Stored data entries
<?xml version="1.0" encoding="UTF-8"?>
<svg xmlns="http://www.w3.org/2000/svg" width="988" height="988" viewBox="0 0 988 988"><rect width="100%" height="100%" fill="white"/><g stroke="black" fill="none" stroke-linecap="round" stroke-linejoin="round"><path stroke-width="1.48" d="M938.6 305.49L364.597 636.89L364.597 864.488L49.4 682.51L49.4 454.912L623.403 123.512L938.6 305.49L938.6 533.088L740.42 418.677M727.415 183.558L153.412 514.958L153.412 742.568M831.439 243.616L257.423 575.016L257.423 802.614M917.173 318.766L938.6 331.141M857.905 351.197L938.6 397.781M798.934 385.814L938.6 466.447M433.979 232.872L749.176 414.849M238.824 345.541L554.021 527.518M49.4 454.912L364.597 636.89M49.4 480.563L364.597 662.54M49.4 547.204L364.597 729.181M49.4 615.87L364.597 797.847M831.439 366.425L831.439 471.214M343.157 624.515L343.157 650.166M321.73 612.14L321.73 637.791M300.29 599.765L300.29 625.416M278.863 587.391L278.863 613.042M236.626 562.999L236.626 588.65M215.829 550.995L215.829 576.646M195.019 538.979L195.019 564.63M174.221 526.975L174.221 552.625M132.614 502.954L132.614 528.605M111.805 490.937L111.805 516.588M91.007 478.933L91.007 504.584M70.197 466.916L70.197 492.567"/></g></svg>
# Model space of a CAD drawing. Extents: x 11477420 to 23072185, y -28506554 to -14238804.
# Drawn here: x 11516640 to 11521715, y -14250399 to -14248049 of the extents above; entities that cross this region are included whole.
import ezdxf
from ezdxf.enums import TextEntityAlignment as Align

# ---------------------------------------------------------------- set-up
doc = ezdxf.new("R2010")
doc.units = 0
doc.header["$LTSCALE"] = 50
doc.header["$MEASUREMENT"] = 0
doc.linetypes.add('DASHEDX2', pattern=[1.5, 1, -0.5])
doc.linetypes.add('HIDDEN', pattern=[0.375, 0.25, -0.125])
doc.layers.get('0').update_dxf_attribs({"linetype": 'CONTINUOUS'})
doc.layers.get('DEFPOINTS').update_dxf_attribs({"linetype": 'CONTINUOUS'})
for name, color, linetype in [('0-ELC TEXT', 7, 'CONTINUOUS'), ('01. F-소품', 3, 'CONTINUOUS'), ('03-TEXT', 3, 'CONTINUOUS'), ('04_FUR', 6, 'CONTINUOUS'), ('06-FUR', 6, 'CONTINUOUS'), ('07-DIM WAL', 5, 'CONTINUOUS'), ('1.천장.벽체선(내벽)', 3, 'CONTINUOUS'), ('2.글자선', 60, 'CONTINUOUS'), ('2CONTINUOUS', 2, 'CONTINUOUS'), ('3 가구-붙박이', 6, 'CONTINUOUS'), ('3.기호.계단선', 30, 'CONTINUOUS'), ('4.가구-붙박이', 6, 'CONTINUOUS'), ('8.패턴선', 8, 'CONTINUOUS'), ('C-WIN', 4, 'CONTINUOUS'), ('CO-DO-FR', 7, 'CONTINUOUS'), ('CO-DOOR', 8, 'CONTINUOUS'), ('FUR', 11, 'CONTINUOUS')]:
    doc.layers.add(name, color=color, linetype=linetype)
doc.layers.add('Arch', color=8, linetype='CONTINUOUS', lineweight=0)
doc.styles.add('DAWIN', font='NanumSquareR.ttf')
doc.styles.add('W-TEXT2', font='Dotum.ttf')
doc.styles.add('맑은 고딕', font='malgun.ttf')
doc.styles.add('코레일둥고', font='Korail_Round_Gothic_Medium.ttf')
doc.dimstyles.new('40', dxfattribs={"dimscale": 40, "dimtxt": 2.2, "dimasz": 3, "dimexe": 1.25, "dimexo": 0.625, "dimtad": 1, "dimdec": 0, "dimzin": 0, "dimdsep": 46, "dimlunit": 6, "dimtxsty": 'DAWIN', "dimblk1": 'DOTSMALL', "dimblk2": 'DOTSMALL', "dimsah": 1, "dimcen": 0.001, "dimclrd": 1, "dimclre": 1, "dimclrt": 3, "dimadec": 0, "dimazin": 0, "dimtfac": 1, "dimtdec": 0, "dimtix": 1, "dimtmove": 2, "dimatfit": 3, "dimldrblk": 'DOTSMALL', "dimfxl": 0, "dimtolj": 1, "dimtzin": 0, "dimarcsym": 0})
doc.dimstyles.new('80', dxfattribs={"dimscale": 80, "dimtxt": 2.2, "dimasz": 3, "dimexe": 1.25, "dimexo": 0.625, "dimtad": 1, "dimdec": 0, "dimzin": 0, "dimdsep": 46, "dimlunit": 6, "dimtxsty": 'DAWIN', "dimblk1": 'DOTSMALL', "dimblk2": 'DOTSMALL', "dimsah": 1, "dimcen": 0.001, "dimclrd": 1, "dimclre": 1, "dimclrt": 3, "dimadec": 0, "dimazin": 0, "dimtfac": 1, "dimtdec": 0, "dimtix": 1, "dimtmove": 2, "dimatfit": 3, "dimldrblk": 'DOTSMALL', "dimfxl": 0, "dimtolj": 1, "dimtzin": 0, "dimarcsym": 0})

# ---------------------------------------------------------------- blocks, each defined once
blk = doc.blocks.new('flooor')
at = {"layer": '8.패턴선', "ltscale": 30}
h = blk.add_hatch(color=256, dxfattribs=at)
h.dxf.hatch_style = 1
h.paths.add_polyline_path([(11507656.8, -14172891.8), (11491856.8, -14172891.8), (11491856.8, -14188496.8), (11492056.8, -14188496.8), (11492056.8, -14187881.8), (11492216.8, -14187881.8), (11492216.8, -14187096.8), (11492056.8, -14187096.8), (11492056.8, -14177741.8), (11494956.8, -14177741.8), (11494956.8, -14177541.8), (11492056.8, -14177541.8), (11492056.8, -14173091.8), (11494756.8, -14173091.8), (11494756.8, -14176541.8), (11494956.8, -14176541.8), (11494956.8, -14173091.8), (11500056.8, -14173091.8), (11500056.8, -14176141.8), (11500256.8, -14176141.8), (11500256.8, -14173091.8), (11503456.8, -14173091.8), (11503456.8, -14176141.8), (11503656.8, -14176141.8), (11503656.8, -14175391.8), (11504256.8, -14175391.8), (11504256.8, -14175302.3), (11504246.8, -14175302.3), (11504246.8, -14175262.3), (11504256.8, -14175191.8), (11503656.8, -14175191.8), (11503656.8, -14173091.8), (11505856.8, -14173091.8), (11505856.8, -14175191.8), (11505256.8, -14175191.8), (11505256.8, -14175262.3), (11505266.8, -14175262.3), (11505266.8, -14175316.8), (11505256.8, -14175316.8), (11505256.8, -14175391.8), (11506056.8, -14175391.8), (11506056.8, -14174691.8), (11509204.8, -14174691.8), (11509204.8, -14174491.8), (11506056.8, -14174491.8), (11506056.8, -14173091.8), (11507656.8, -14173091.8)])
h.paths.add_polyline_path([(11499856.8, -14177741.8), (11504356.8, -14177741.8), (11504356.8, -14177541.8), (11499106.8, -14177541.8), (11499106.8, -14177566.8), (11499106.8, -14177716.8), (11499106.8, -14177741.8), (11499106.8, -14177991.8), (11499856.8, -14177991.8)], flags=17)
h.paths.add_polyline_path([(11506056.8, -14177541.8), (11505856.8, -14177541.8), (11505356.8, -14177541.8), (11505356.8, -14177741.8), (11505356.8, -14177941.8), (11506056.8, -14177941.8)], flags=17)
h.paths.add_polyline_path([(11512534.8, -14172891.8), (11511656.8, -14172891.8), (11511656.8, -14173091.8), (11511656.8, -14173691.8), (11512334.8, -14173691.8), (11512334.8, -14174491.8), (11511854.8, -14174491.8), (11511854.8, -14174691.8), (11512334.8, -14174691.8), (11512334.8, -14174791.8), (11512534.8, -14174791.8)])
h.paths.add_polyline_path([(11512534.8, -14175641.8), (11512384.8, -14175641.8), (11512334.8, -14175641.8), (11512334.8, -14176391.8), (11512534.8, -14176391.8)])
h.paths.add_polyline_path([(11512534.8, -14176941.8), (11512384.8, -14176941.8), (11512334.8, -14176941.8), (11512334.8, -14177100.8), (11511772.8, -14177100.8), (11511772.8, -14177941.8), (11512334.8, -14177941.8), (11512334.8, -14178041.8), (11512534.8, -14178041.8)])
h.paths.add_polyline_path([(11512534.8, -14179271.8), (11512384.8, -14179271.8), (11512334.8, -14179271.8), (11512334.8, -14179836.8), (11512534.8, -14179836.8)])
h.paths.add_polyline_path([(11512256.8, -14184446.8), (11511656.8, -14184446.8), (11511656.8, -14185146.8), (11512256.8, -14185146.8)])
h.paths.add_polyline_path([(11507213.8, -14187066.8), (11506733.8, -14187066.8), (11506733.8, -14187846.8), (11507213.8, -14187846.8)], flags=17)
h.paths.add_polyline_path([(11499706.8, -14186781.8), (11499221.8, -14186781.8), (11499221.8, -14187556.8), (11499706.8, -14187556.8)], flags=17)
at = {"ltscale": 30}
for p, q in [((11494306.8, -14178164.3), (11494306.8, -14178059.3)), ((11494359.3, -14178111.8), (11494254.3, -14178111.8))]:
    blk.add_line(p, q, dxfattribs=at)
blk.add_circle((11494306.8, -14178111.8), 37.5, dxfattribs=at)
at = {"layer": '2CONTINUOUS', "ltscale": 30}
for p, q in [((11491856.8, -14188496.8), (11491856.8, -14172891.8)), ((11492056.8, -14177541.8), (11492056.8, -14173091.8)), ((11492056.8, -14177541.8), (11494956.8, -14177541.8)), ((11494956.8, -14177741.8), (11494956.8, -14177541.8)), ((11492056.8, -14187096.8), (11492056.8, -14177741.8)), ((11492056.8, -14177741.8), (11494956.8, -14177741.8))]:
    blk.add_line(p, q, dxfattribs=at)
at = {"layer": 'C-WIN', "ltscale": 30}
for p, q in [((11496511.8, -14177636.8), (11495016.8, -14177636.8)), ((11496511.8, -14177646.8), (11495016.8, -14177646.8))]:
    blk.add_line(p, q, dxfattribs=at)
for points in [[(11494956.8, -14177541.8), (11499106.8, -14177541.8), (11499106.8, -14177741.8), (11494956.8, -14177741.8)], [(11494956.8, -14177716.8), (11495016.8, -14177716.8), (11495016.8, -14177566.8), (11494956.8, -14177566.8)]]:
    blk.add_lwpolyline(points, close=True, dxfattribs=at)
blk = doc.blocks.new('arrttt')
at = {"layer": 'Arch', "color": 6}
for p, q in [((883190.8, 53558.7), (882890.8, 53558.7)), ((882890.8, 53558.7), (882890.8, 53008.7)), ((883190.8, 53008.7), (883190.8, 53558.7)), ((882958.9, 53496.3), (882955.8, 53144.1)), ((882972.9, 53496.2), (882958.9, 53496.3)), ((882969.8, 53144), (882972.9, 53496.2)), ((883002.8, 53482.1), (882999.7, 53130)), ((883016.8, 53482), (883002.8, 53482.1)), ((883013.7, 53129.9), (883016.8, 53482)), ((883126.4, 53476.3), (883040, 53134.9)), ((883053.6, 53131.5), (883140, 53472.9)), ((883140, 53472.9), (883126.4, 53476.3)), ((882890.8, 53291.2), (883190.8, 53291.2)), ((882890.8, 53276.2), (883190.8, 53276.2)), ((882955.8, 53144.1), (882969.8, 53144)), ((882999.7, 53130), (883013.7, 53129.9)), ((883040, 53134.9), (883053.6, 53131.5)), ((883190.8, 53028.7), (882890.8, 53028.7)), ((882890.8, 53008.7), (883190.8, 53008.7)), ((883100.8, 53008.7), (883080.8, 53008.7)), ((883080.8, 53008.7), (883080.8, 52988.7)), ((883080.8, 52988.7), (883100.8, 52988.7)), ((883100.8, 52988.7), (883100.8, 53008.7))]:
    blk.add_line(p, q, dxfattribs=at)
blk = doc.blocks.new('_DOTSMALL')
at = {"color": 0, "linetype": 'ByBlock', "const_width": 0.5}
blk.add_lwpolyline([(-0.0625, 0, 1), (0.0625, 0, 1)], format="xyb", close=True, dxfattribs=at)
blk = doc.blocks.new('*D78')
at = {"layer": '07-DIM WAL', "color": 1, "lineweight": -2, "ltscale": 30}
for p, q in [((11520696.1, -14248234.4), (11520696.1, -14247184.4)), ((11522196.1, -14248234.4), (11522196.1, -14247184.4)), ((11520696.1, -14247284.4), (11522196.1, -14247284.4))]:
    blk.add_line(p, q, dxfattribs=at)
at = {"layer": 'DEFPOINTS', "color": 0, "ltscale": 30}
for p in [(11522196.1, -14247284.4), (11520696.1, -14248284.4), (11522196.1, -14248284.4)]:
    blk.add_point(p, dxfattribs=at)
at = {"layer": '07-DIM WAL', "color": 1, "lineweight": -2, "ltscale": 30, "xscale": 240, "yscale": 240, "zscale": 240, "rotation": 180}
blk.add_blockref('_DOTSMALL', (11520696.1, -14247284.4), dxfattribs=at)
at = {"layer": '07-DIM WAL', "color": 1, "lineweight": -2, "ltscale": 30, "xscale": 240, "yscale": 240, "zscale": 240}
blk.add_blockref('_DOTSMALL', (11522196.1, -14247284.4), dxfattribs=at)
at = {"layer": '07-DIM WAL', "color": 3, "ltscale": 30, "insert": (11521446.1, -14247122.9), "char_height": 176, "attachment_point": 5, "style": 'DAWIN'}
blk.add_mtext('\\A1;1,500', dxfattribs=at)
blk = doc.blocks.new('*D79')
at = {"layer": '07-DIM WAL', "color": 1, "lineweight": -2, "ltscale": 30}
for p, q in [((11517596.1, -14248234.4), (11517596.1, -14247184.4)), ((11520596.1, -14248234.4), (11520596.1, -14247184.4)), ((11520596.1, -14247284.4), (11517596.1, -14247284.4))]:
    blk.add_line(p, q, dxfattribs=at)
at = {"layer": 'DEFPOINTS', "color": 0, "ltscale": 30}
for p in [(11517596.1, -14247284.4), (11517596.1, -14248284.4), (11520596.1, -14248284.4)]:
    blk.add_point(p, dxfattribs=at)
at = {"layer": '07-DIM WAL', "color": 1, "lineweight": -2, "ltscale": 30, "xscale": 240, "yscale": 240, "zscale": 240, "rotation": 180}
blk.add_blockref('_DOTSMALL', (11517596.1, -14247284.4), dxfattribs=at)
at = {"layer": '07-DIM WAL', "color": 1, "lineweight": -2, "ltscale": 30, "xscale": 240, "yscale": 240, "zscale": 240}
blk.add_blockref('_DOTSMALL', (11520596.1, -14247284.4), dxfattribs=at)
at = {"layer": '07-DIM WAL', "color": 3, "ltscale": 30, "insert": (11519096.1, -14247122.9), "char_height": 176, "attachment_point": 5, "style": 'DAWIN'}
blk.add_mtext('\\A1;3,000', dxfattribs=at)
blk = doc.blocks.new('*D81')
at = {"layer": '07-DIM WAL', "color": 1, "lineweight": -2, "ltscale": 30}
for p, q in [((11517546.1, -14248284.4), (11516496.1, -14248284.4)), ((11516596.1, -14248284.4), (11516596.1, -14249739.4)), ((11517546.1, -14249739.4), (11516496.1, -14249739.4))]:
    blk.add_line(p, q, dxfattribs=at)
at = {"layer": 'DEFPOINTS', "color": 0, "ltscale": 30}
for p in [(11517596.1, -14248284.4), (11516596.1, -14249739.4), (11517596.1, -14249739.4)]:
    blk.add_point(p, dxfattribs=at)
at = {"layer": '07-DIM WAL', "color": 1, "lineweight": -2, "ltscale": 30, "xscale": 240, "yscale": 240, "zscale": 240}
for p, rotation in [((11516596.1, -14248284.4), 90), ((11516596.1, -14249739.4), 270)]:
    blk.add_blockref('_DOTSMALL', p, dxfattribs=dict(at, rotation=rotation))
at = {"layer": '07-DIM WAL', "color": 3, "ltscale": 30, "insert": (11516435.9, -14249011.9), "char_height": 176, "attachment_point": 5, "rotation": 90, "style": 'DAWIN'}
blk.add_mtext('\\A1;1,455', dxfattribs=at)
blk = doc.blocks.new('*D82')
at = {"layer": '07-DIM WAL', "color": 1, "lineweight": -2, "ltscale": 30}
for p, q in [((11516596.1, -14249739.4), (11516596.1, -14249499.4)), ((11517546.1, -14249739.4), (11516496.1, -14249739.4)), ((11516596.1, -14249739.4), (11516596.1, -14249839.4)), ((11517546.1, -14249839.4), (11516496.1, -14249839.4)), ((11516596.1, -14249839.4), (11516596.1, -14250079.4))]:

Your goal:
Search the entries for the string "blocks" and return each line where it turns up.

Solution to this problem:
# ---------------------------------------------------------------- blocks, each defined once
blk = doc.blocks.new('flooor')
blk = doc.blocks.new('arrttt')
blk = doc.blocks.new('_DOTSMALL')
blk = doc.blocks.new('*D78')
blk = doc.blocks.new('*D79')
blk = doc.blocks.new('*D81')
blk = doc.blocks.new('*D82')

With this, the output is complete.